Ursprünglich war die verpflichtende Erstanwendung von IFRS 15 für den 01.01.2017 vorgesehen, wurde aber im September 2015 durch einen Änderungsstandard auf den 01.01.2018 verschoben, wobei die vorzeitige Anwendung weiterhin zulässig ist (IFRS 15.C1). Hintergründe für die verschobene Erstanwendung sind zum einen die Verschiebung der verpflichtenden Erstanwendung von Topic 606. Zum anderen wurde IFRS 15 insgesamt später veröffentlicht als bei Festlegung des Erstanwendungszeitpunkts geplant, wodurch der Zeitraum für die Umsetzung verkürzt wurde. Schließlich liegt die Verschiebung an Erweiterungen des IFRS 15 um klarstellende Ausführungen zu einzelnen Aspekten des IFRS 15, die im April 2016 in einem Änderungsstandard zu IFRS 15 veröffentlicht wurden (IFRS 15.BC453A ff.).

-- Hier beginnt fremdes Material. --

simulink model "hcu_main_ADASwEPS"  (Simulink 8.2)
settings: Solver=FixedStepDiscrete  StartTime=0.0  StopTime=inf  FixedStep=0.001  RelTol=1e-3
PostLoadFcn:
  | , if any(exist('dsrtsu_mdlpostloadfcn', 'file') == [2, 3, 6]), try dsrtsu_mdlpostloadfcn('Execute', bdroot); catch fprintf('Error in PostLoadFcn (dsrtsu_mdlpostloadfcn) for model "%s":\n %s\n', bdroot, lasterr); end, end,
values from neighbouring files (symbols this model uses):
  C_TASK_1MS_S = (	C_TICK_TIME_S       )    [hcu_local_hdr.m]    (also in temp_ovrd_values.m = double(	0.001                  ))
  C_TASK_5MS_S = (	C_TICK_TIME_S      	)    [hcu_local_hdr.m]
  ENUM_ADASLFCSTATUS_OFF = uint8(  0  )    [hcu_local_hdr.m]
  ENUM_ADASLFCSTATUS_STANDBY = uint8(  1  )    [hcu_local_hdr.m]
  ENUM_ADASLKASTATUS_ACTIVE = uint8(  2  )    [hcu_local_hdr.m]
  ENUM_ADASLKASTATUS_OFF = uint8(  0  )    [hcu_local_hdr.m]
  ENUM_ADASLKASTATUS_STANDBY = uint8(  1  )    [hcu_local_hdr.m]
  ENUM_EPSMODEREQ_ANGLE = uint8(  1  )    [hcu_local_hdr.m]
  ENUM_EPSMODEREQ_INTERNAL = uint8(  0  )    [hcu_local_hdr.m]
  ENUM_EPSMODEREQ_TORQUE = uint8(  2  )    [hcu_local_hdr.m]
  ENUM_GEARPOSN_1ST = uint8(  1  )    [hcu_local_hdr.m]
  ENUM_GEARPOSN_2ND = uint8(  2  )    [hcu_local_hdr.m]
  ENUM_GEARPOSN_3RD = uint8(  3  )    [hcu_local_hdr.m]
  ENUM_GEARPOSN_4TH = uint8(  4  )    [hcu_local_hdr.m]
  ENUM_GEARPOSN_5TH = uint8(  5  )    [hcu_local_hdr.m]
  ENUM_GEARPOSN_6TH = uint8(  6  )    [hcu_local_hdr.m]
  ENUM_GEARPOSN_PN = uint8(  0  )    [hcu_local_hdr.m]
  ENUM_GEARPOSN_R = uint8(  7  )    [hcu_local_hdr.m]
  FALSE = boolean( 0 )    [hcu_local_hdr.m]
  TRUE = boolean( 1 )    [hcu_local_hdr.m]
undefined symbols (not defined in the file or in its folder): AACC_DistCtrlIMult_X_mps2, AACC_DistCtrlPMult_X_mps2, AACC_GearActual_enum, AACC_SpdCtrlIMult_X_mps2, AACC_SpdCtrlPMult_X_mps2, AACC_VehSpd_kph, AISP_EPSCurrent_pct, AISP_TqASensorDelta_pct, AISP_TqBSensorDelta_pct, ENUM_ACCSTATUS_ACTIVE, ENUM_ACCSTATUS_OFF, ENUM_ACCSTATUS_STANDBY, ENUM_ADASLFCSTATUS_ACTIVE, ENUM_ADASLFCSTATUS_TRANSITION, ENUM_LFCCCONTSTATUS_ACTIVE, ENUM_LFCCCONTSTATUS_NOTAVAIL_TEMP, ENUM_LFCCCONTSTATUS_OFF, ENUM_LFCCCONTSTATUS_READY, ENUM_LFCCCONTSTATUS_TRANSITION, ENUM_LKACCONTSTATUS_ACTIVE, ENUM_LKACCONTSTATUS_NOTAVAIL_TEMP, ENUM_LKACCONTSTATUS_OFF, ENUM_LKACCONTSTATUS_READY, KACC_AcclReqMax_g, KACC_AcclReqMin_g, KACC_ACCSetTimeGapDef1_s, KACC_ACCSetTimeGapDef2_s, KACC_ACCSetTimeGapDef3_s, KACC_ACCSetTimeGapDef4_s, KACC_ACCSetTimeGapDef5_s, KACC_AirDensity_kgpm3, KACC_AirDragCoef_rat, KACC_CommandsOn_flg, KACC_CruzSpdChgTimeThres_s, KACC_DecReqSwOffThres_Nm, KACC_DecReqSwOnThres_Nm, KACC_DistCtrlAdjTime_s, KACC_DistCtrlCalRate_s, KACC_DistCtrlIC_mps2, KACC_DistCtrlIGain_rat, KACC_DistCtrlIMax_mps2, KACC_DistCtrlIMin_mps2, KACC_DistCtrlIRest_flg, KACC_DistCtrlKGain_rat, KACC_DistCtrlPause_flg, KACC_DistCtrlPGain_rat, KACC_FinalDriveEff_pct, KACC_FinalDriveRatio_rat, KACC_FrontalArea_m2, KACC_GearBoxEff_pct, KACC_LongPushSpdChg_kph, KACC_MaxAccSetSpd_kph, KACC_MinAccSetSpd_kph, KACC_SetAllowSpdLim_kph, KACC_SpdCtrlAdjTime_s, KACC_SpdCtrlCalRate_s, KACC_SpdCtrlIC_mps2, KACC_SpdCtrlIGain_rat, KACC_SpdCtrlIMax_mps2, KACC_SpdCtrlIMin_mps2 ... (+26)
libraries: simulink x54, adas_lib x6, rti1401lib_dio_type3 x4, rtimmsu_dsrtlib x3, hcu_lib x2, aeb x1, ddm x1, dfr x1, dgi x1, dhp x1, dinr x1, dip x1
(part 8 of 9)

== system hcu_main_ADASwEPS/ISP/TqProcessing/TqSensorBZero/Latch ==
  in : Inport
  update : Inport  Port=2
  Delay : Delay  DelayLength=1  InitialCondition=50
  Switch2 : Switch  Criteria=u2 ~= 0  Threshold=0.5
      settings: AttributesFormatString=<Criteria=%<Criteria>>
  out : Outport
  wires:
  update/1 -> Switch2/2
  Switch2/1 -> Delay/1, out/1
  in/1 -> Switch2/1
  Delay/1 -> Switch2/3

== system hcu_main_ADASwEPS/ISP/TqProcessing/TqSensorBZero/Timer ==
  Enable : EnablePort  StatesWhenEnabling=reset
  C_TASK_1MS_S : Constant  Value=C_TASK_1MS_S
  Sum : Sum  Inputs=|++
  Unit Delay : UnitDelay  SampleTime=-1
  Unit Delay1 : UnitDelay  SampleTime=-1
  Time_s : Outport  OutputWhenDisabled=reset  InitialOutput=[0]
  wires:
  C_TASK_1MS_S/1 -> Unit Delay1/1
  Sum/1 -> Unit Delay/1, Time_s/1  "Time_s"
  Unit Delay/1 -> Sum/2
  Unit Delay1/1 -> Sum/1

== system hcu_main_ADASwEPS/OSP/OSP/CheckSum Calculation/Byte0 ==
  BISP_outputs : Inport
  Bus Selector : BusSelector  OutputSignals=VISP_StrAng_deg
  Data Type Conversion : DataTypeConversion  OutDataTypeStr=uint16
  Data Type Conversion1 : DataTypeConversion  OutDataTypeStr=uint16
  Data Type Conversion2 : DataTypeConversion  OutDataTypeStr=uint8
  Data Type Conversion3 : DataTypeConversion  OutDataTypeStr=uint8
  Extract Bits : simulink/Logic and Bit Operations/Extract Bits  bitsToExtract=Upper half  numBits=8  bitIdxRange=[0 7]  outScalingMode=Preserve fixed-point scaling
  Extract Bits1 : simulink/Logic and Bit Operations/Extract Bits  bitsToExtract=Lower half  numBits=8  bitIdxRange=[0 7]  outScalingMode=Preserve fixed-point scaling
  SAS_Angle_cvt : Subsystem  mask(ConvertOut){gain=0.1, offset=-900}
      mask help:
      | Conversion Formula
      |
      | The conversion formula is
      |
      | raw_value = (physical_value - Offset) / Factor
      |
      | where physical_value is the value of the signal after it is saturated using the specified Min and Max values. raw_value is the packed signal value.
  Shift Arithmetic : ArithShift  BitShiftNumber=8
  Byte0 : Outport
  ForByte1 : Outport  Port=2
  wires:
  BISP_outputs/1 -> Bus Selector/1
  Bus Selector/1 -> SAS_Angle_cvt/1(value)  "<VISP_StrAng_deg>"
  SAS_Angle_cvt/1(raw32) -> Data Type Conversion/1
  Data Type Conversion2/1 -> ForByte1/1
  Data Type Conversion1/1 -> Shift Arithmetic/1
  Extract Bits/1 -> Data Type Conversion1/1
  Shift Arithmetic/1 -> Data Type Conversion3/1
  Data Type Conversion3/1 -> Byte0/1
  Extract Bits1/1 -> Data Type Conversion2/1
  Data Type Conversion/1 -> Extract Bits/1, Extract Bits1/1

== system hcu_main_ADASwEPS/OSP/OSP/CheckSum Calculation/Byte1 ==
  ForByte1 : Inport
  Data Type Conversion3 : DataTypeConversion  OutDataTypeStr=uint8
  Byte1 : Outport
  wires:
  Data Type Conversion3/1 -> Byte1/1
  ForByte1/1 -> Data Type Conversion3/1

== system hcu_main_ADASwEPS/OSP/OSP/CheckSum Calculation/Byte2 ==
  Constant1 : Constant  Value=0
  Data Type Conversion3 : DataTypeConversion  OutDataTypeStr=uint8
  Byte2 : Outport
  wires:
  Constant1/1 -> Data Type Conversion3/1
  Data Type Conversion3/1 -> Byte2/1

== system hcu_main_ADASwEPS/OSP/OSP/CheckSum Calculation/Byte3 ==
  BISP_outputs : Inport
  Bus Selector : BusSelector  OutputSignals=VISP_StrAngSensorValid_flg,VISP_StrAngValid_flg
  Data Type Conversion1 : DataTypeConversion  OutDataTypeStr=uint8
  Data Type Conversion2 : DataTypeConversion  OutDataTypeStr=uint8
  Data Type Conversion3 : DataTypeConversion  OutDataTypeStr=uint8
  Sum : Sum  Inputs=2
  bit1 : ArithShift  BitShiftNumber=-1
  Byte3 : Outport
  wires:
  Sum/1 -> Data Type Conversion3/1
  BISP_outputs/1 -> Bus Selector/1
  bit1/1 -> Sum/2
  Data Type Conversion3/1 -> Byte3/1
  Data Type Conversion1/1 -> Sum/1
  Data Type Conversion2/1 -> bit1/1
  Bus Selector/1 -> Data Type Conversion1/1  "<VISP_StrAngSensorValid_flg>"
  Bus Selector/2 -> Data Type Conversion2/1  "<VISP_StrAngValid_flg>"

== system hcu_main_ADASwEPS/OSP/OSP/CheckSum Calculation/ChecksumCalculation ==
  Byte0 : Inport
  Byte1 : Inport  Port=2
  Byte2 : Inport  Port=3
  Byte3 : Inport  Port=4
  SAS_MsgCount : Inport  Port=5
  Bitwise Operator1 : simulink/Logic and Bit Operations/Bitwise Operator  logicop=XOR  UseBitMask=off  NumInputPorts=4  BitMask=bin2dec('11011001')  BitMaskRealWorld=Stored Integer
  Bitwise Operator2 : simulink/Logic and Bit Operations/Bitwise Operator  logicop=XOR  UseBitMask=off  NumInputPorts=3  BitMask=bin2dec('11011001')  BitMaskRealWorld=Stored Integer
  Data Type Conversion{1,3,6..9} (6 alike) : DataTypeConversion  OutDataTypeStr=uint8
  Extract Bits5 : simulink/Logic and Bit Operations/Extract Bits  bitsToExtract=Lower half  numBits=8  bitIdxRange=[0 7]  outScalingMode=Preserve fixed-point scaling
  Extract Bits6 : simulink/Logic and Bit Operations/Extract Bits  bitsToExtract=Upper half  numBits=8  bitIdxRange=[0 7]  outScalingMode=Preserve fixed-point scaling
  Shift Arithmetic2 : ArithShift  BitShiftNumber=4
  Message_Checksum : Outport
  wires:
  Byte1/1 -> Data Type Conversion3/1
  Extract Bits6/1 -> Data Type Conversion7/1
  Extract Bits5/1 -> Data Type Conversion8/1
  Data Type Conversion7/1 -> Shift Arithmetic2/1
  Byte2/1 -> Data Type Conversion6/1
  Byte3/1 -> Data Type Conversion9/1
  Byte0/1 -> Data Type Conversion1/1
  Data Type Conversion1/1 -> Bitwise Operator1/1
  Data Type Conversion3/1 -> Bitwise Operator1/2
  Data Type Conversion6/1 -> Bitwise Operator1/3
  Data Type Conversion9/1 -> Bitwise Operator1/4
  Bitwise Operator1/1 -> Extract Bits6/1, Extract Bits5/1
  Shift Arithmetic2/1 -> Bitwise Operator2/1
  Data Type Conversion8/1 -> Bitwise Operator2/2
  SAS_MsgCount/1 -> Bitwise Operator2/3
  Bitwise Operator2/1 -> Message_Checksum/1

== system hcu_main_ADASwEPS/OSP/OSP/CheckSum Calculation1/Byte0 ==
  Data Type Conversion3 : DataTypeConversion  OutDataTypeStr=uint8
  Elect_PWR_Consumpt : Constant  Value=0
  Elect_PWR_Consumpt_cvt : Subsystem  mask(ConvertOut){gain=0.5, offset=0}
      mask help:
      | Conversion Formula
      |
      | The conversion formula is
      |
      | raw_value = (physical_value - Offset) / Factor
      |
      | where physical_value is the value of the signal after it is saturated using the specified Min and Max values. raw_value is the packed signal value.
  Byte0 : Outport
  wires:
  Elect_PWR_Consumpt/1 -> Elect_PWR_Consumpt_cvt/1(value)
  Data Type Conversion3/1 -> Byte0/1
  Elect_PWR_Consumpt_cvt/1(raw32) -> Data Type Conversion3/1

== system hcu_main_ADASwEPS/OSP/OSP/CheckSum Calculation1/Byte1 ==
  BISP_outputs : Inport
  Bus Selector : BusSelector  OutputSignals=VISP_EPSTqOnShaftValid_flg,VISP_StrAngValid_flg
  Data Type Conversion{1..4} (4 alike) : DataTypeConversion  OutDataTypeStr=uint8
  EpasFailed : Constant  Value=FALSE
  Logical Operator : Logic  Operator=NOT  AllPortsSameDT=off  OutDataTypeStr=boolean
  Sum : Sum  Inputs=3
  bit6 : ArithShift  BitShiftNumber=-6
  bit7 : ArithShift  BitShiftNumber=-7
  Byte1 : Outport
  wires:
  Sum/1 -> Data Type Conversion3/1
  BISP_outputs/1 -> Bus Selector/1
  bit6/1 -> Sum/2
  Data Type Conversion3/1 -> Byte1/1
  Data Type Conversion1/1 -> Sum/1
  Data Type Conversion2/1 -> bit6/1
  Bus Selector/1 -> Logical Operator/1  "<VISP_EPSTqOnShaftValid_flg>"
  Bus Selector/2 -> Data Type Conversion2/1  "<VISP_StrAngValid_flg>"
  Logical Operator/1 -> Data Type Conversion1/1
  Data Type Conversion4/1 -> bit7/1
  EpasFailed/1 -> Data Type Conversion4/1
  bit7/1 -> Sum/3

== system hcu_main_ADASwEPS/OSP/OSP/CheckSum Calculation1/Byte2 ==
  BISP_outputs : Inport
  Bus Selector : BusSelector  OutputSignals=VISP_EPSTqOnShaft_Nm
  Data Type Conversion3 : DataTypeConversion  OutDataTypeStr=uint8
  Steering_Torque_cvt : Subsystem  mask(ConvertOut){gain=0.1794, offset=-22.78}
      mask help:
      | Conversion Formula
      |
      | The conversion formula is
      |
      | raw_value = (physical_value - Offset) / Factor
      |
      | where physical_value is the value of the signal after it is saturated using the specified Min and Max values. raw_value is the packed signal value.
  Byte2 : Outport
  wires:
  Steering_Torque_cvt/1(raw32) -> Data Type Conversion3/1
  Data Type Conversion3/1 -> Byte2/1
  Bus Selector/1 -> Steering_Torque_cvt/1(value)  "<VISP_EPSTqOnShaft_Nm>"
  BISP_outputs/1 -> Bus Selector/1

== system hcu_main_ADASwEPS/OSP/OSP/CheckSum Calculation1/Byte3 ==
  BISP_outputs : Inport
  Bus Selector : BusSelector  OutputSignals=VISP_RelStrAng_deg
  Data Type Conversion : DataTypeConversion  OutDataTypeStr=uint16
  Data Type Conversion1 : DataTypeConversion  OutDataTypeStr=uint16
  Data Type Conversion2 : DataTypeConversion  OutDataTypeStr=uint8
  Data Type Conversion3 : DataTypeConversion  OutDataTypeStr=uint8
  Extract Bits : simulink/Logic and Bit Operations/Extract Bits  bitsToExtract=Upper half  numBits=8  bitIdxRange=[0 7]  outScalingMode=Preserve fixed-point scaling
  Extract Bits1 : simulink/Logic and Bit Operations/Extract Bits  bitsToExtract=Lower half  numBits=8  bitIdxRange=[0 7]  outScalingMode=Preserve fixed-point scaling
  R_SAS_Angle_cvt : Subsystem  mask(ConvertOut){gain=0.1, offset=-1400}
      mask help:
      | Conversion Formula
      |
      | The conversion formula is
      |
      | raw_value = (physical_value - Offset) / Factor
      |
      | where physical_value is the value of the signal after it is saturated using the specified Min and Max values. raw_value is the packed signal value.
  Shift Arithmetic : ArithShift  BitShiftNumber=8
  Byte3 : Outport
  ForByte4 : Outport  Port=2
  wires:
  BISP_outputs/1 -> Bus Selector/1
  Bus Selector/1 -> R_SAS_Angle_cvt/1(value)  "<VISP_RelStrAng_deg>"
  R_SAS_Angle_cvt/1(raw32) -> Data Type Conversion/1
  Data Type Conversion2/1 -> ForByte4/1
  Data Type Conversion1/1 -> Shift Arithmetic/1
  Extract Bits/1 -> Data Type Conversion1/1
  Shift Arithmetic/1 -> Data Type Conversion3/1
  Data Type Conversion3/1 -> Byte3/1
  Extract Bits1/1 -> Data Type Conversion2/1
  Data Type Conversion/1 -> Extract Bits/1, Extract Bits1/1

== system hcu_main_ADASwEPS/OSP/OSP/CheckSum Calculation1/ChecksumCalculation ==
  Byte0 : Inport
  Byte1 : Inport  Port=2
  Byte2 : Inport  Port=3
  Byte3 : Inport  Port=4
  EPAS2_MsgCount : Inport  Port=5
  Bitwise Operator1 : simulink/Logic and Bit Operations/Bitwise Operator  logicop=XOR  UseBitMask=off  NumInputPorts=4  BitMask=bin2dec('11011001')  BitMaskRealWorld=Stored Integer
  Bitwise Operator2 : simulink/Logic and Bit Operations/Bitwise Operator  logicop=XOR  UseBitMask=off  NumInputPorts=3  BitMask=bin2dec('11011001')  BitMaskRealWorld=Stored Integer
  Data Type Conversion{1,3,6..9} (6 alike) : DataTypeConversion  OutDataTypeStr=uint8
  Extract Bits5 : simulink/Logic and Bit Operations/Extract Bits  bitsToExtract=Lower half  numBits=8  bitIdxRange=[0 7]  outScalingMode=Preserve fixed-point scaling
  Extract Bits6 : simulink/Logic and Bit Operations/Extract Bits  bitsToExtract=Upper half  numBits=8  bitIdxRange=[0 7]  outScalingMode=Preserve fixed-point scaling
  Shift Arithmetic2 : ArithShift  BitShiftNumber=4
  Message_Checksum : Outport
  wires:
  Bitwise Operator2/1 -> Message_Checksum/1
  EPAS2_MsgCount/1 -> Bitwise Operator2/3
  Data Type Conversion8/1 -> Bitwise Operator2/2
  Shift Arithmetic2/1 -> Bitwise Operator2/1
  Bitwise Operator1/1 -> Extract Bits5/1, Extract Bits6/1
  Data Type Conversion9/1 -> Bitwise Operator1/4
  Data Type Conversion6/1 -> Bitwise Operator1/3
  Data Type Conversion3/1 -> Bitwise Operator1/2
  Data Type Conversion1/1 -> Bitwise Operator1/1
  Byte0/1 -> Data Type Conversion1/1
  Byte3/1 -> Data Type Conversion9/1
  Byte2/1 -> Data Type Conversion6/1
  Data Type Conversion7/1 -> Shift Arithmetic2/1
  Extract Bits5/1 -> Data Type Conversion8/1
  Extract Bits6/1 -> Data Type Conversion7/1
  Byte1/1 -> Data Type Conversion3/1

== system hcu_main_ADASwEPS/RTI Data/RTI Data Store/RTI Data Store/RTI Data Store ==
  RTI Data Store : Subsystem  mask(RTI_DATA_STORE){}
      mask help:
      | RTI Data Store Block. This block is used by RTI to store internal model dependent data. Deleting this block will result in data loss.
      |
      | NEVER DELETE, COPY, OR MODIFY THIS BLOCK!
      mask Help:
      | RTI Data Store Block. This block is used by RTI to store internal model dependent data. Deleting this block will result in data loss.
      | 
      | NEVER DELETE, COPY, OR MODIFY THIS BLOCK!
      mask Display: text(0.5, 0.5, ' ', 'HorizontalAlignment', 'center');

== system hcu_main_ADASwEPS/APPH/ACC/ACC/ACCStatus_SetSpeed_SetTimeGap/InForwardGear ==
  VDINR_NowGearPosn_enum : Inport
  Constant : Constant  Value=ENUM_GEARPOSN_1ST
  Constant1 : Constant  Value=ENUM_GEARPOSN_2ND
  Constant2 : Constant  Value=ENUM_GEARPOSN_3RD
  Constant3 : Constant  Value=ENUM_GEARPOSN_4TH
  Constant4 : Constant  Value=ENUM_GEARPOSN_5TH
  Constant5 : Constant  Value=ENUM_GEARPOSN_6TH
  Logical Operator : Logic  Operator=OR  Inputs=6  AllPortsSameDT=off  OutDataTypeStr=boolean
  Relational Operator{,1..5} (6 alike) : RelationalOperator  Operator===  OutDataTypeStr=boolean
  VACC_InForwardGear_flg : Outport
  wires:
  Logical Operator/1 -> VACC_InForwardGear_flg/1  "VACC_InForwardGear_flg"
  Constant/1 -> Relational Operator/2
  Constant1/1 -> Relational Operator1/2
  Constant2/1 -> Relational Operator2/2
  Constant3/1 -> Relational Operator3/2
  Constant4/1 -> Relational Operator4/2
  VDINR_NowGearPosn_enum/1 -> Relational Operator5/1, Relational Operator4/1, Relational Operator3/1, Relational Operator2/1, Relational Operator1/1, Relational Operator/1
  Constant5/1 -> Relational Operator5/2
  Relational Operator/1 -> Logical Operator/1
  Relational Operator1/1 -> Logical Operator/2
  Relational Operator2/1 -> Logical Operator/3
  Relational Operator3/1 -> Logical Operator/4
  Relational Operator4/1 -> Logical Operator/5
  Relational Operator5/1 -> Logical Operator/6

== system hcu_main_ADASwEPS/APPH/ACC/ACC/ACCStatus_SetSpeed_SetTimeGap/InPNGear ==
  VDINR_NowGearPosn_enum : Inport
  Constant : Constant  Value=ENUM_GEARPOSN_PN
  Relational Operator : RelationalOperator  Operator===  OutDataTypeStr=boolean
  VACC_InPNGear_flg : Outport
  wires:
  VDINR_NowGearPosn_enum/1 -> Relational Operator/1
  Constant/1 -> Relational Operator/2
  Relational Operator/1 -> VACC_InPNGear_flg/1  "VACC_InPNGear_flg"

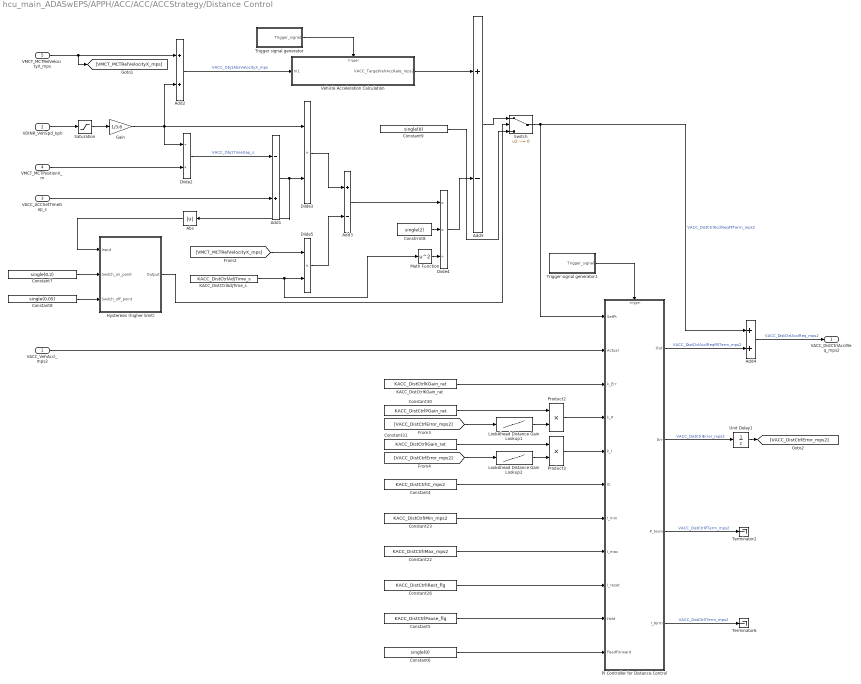
== system hcu_main_ADASwEPS/APPH/ACC/ACC/ACCStrategy/Distance Control ==
  VACC_VehAccl_mps2 : Inport
  VDINR_VehSpd_kph : Inport  Port=2
  VACC_ACCSetTimeGap_s : Inport  Port=3
  VMCT_MCTPositionX_m : Inport  Port=4
  VMCT_MCTRelVelocityX_mps : Inport  Port=5
  Abs : Abs
  Add1 : Sum  Inputs=-+
  Add2 : Sum
  Add3 : Sum  Inputs=+-
  Add4 : Sum
  Add5 : Sum  Inputs=+-
  Constant22 : Constant  Value=KACC_DistCtrlIMax_mps2
  Constant23 : Constant  Value=KACC_DistCtrlIMin_mps2
  Constant26 : Constant  Value=KACC_DistCtrlIRest_flg
  Constant30 : Constant  Value=KACC_DistCtrlPGain_rat
  Constant31 : Constant  Value=KACC_DistCtrlIGain_rat
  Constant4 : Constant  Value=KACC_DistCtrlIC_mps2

Hierbei handelt es sich um Klarstellungen bezüglich der Identifizierung abgrenzbarer Leistungsverpflichtungen (vgl. Tz. 100 ff.), der Einordnung als Prinzipal oder Agent (vgl. Tz. 83), der Umsatzerfassung aus Lizenzübertragungen (vgl. Tz. 111 ff.) sowie um Erleichterungen bei dem Übergang auf IFRS 15 (vgl. Tz. 41 ff.). Die klarstellenden Erweiterungen sind Ausfluss der gemeinsam mit dem FASB ins Leben gerufenen Transition Resource Group (TRG) zur Einführung der neuen Umsatzstandards. Allerdings hat das FASB aus der Arbeit der TRG umfassendere Änderungserfordernisse identifiziert als das IASB, die bis zur Veröffentlichung des Änderungsstandards von IFRS 15 im April 2016 noch nicht abgeschlossen waren. Dies wird jedoch zu Abweichung bei den endgültigen Standards führen (IFRS 14.BC27A ff.). Die vom IASB veröffentlichen Änderungen haben dabei vornehmlich klarstellenden Charakter, inhaltlich führen sie zu keinen wesentlichen Änderungen gegenüber der ursprünglichen Fassung von IFRS 15. Die Änderungen sind retrospektiv im Einklang mit IAS 8 anzuwenden, dabei sind die Änderungen so anzuwenden, als ob sie bei erstmaliger Anwendung von IFRS 15 schon Teil dieses gewesen wären (IFRS 15.C8A). Der verpflichtende Erstanwendungszeitpunkt besteht konsequenterweise ebenfalls für Geschäftsjahre, die ab dem 01.01.2008 beginnen, eine vorzeitige Anwendung ist zulässig (IFRS 15.C1B).